The paper tackled the problem of assessing L2 English oral proficiency by probing Whisper's hidden representations for acoustic and linguistic features, achieving strong performance on the GEPT dataset and outperforming existing baselines with a lightweight classifier.
In this paper, we explore the untapped potential of Whisper, a well-established automatic speech recognition (ASR) foundation model, in the context of L2 spoken language assessment (SLA). Unlike prior studies that extrinsically analyze transcriptions produced by Whisper, our approach goes a step further to probe its latent capabilities by extracting acoustic and linguistic features from hidden representations. With only a lightweight classifier being trained on top of Whisper's intermediate and final outputs, our method achieves strong performance on the GEPT picture-description dataset, outperforming existing cutting-edge baselines, including a multimodal approach.
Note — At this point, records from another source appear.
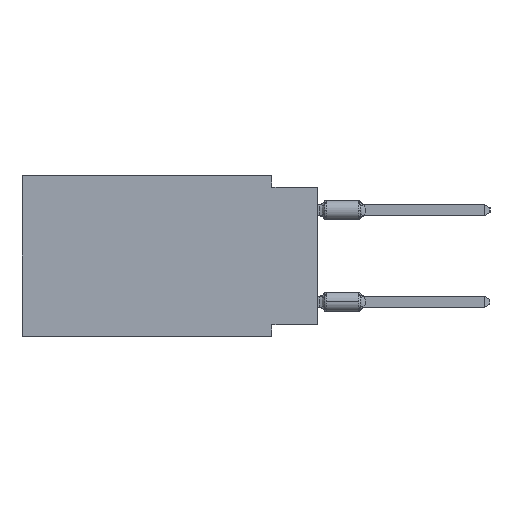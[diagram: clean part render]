
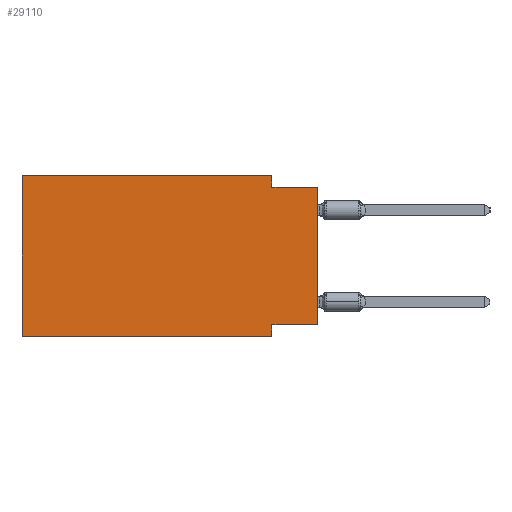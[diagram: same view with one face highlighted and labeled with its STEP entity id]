
A CAD part, left-side view. The second image highlights one B-rep face of the part: STEP entity #29110.
In plain terms, the highlighted planar face has unit normal (-1, 0, 0).
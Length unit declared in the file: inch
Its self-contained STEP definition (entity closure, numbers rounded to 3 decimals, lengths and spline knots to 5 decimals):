
#640 = LINE ( 'NONE', #22084, #8499 ) ;
#757 = DIRECTION ( 'NONE',  ( 0., 0., -1. ) ) ;
#1100 = DIRECTION ( 'NONE',  ( 0., -1., 0. ) ) ;
#1426 = DIRECTION ( 'NONE',  ( 0., 0., -1. ) ) ;
#1476 = LINE ( 'NONE', #10712, #30510 ) ;
#1874 = LINE ( 'NONE', #4809, #34615 ) ;
#1880 = DIRECTION ( 'NONE',  ( 0., 0., 1. ) ) ;
#1990 = CARTESIAN_POINT ( 'NONE',  ( 0., 0., -0.325 ) ) ;
#2789 = VERTEX_POINT ( 'NONE', #5321 ) ;
#4272 = VERTEX_POINT ( 'NONE', #6314 ) ;
#4809 = CARTESIAN_POINT ( 'NONE',  ( 0., 0.645, 0. ) ) ;
#4866 = LINE ( 'NONE', #37131, #15421 ) ;
#5321 = CARTESIAN_POINT ( 'NONE',  ( 0., 0., -0.025 ) ) ;
#6314 = CARTESIAN_POINT ( 'NONE',  ( 0., 0.1, -0.35 ) ) ;
#8499 = VECTOR ( 'NONE', #12642, 39.37008 ) ;
#8515 = EDGE_CURVE ( 'NONE', #34853, #16560, #19073, .T. ) ;
#9693 = ORIENTED_EDGE ( 'NONE', *, *, #20168, .F. ) ;
#9836 = ORIENTED_EDGE ( 'NONE', *, *, #11711, .F. ) ;
#10606 = VECTOR ( 'NONE', #21277, 39.37008 ) ;
#10712 = CARTESIAN_POINT ( 'NONE',  ( 0., 0., 0. ) ) ;
#11711 = EDGE_CURVE ( 'NONE', #23318, #2789, #4866, .T. ) ;
#12071 = EDGE_CURVE ( 'NONE', #13792, #2789, #1476, .T. ) ;
#12173 = CARTESIAN_POINT ( 'NONE',  ( 0., 0.645, 0. ) ) ;
#12642 = DIRECTION ( 'NONE',  ( 0., -1., 0. ) ) ;
#12925 = CARTESIAN_POINT ( 'NONE',  ( 0., 0.1, -0.325 ) ) ;
#13792 = VERTEX_POINT ( 'NONE', #21743 ) ;
#14002 = DIRECTION ( 'NONE',  ( 0., 1., 0. ) ) ;
#15367 = ORIENTED_EDGE ( 'NONE', *, *, #23604, .F. ) ;
#15421 = VECTOR ( 'NONE', #31449, 39.37008 ) ;
#16009 = CARTESIAN_POINT ( 'NONE',  ( 0., 0.645, -0.35 ) ) ;
#16024 = ORIENTED_EDGE ( 'NONE', *, *, #8515, .F. ) ;
#16509 = ORIENTED_EDGE ( 'NONE', *, *, #30049, .F. ) ;
#16560 = VERTEX_POINT ( 'NONE', #17229 ) ;
#17121 = AXIS2_PLACEMENT_3D ( 'NONE', #12173, #36748, #757 ) ;
#17229 = CARTESIAN_POINT ( 'NONE',  ( 0., 0.645, 0. ) ) ;
#19073 = LINE ( 'NONE', #30708, #23659 ) ;
#20168 = EDGE_CURVE ( 'NONE', #13792, #33293, #28957, .T. ) ;
#20939 = VERTEX_POINT ( 'NONE', #26876 ) ;
#21052 = FACE_OUTER_BOUND ( 'NONE', #31091, .T. ) ;
#21277 = DIRECTION ( 'NONE',  ( 0., 0., -1. ) ) ;
#21516 = EDGE_CURVE ( 'NONE', #34853, #4272, #640, .T. ) ;
#21743 = CARTESIAN_POINT ( 'NONE',  ( 0., 0., -0.325 ) ) ;
#22084 = CARTESIAN_POINT ( 'NONE',  ( 0., 0.645, -0.35 ) ) ;
#23318 = VERTEX_POINT ( 'NONE', #35771 ) ;
#23604 = EDGE_CURVE ( 'NONE', #20939, #23318, #38783, .T. ) ;
#23659 = VECTOR ( 'NONE', #28512, 39.37008 ) ;
#23975 = PLANE ( 'NONE',  #17121 ) ;
#24871 = ORIENTED_EDGE ( 'NONE', *, *, #12071, .T. ) ;
#25304 = VECTOR ( 'NONE', #1426, 39.37008 ) ;
#26779 = CARTESIAN_POINT ( 'NONE',  ( 0., 0.1, 0. ) ) ;
#26876 = CARTESIAN_POINT ( 'NONE',  ( 0., 0.1, 0. ) ) ;
#27386 = EDGE_CURVE ( 'NONE', #16560, #20939, #1874, .T. ) ;
#27422 = ORIENTED_EDGE ( 'NONE', *, *, #21516, .T. ) ;
#28391 = CARTESIAN_POINT ( 'NONE',  ( 0., 0.1, -0.35 ) ) ;
#28512 = DIRECTION ( 'NONE',  ( 0., 0., 1. ) ) ;
#28957 = LINE ( 'NONE', #1990, #34830 ) ;
#29110 = ADVANCED_FACE ( 'NONE', ( #21052 ), #23975, .F. ) ;
#30049 = EDGE_CURVE ( 'NONE', #33293, #4272, #34083, .T. ) ;
#30510 = VECTOR ( 'NONE', #1880, 39.37008 ) ;
#30708 = CARTESIAN_POINT ( 'NONE',  ( 0., 0.645, 0. ) ) ;
#31091 = EDGE_LOOP ( 'NONE', ( #24871, #9836, #15367, #35154, #16024, #27422, #16509, #9693 ) ) ;
#31449 = DIRECTION ( 'NONE',  ( 0., -1., 0. ) ) ;
#33293 = VERTEX_POINT ( 'NONE', #12925 ) ;
#34083 = LINE ( 'NONE', #28391, #25304 ) ;
#34615 = VECTOR ( 'NONE', #1100, 39.37008 ) ;
#34830 = VECTOR ( 'NONE', #14002, 39.37008 ) ;
#34853 = VERTEX_POINT ( 'NONE', #16009 ) ;
#35154 = ORIENTED_EDGE ( 'NONE', *, *, #27386, .F. ) ;
#35771 = CARTESIAN_POINT ( 'NONE',  ( 0., 0.1, -0.025 ) ) ;
#36748 = DIRECTION ( 'NONE',  ( 1., 0., 0. ) ) ;
#37131 = CARTESIAN_POINT ( 'NONE',  ( 0., 0., -0.025 ) ) ;
#38783 = LINE ( 'NONE', #26779, #10606 ) ;
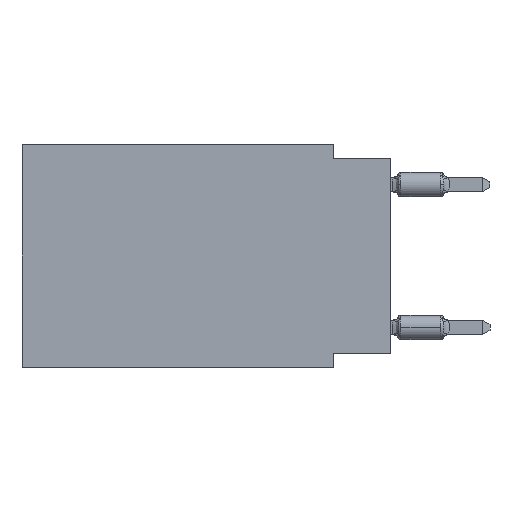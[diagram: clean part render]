
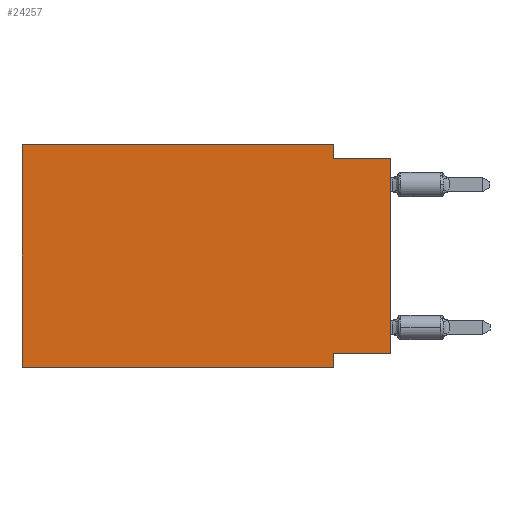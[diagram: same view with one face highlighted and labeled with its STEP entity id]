
A CAD part, left-side view. The second image highlights one B-rep face of the part: STEP entity #24257.
In plain terms, the highlighted planar face has unit normal (-1, 0, 0).
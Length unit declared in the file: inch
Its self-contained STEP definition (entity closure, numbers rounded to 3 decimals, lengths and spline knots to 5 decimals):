
#367 = CARTESIAN_POINT ( 'NONE',  ( 0., 0.645, -0.39 ) ) ;
#458 = LINE ( 'NONE', #4746, #1984 ) ;
#963 = CARTESIAN_POINT ( 'NONE',  ( 0., 0.1, -0.025 ) ) ;
#971 = DIRECTION ( 'NONE',  ( 0., 0., 1. ) ) ;
#1908 = EDGE_CURVE ( 'NONE', #15670, #5211, #458, .T. ) ;
#1984 = VECTOR ( 'NONE', #971, 39.37008 ) ;
#2055 = VECTOR ( 'NONE', #5721, 39.37008 ) ;
#2901 = EDGE_CURVE ( 'NONE', #20674, #15770, #24084, .T. ) ;
#3382 = EDGE_LOOP ( 'NONE', ( #20968, #11198, #24513, #6469, #10784, #9912, #4580, #9786 ) ) ;
#4018 = EDGE_CURVE ( 'NONE', #15670, #7347, #9766, .T. ) ;
#4388 = VECTOR ( 'NONE', #16142, 39.37008 ) ;
#4580 = ORIENTED_EDGE ( 'NONE', *, *, #14382, .F. ) ;
#4613 = EDGE_CURVE ( 'NONE', #20674, #23532, #18063, .T. ) ;
#4746 = CARTESIAN_POINT ( 'NONE',  ( 0., 0., 0. ) ) ;
#4889 = VECTOR ( 'NONE', #5291, 39.37008 ) ;
#5211 = VERTEX_POINT ( 'NONE', #13453 ) ;
#5291 = DIRECTION ( 'NONE',  ( 0., -1., 0. ) ) ;
#5388 = PLANE ( 'NONE',  #7153 ) ;
#5721 = DIRECTION ( 'NONE',  ( 0., 1., 0. ) ) ;
#5806 = LINE ( 'NONE', #23145, #4889 ) ;
#6126 = LINE ( 'NONE', #10274, #4388 ) ;
#6359 = DIRECTION ( 'NONE',  ( 0., -1., 0. ) ) ;
#6469 = ORIENTED_EDGE ( 'NONE', *, *, #10522, .F. ) ;
#7153 = AXIS2_PLACEMENT_3D ( 'NONE', #13336, #15411, #11389 ) ;
#7347 = VERTEX_POINT ( 'NONE', #25650 ) ;
#8259 = VECTOR ( 'NONE', #12478, 39.37008 ) ;
#8372 = VERTEX_POINT ( 'NONE', #20689 ) ;
#9766 = LINE ( 'NONE', #19925, #2055 ) ;
#9786 = ORIENTED_EDGE ( 'NONE', *, *, #4018, .F. ) ;
#9912 = ORIENTED_EDGE ( 'NONE', *, *, #2901, .T. ) ;
#10274 = CARTESIAN_POINT ( 'NONE',  ( 0., 0.1, 0. ) ) ;
#10355 = CARTESIAN_POINT ( 'NONE',  ( 0., 0.645, 0. ) ) ;
#10384 = CARTESIAN_POINT ( 'NONE',  ( 0., 0.645, 0. ) ) ;
#10522 = EDGE_CURVE ( 'NONE', #23532, #8372, #13836, .T. ) ;
#10784 = ORIENTED_EDGE ( 'NONE', *, *, #4613, .F. ) ;
#11198 = ORIENTED_EDGE ( 'NONE', *, *, #17246, .F. ) ;
#11389 = DIRECTION ( 'NONE',  ( 0., 0., -1. ) ) ;
#12009 = CARTESIAN_POINT ( 'NONE',  ( 0., 0.645, -0.39 ) ) ;
#12478 = DIRECTION ( 'NONE',  ( 0., -1., 0. ) ) ;
#12790 = CARTESIAN_POINT ( 'NONE',  ( 0., 0.1, -0.39 ) ) ;
#13310 = VECTOR ( 'NONE', #18183, 39.37008 ) ;
#13336 = CARTESIAN_POINT ( 'NONE',  ( 0., 0.645, 0. ) ) ;
#13453 = CARTESIAN_POINT ( 'NONE',  ( 0., 0., -0.025 ) ) ;
#13836 = LINE ( 'NONE', #10384, #24700 ) ;
#14382 = EDGE_CURVE ( 'NONE', #7347, #15770, #22544, .T. ) ;
#14665 = EDGE_CURVE ( 'NONE', #8372, #22887, #6126, .T. ) ;
#15411 = DIRECTION ( 'NONE',  ( 1., 0., 0. ) ) ;
#15541 = FACE_OUTER_BOUND ( 'NONE', #3382, .T. ) ;
#15670 = VERTEX_POINT ( 'NONE', #16938 ) ;
#15770 = VERTEX_POINT ( 'NONE', #23470 ) ;
#16142 = DIRECTION ( 'NONE',  ( 0., 0., -1. ) ) ;
#16938 = CARTESIAN_POINT ( 'NONE',  ( 0., 0., -0.365 ) ) ;
#17246 = EDGE_CURVE ( 'NONE', #22887, #5211, #5806, .T. ) ;
#18063 = LINE ( 'NONE', #10355, #13310 ) ;
#18183 = DIRECTION ( 'NONE',  ( 0., 0., 1. ) ) ;
#19283 = CARTESIAN_POINT ( 'NONE',  ( 0., 0.645, 0. ) ) ;
#19925 = CARTESIAN_POINT ( 'NONE',  ( 0., 0., -0.365 ) ) ;
#20674 = VERTEX_POINT ( 'NONE', #12009 ) ;
#20689 = CARTESIAN_POINT ( 'NONE',  ( 0., 0.1, 0. ) ) ;
#20968 = ORIENTED_EDGE ( 'NONE', *, *, #1908, .T. ) ;
#20988 = DIRECTION ( 'NONE',  ( 0., 0., -1. ) ) ;
#22544 = LINE ( 'NONE', #12790, #23537 ) ;
#22887 = VERTEX_POINT ( 'NONE', #963 ) ;
#23145 = CARTESIAN_POINT ( 'NONE',  ( 0., 0., -0.025 ) ) ;
#23470 = CARTESIAN_POINT ( 'NONE',  ( 0., 0.1, -0.39 ) ) ;
#23532 = VERTEX_POINT ( 'NONE', #19283 ) ;
#23537 = VECTOR ( 'NONE', #20988, 39.37008 ) ;
#24084 = LINE ( 'NONE', #367, #8259 ) ;
#24257 = ADVANCED_FACE ( 'NONE', ( #15541 ), #5388, .F. ) ;
#24513 = ORIENTED_EDGE ( 'NONE', *, *, #14665, .F. ) ;
#24700 = VECTOR ( 'NONE', #6359, 39.37008 ) ;
#25650 = CARTESIAN_POINT ( 'NONE',  ( 0., 0.1, -0.365 ) ) ;

Furthermore, by incorporating image and text-prompt information as auxiliary relevance cues, we demonstrate additional performance gains. Finally, we conduct an in-depth analysis of Whisper's embeddings, which reveals that, even without task-specific fine-tuning, the model intrinsically encodes both ordinal proficiency patterns and semantic aspects of speech, highlighting its potential as a powerful foundation for SLA and other spoken language understanding tasks.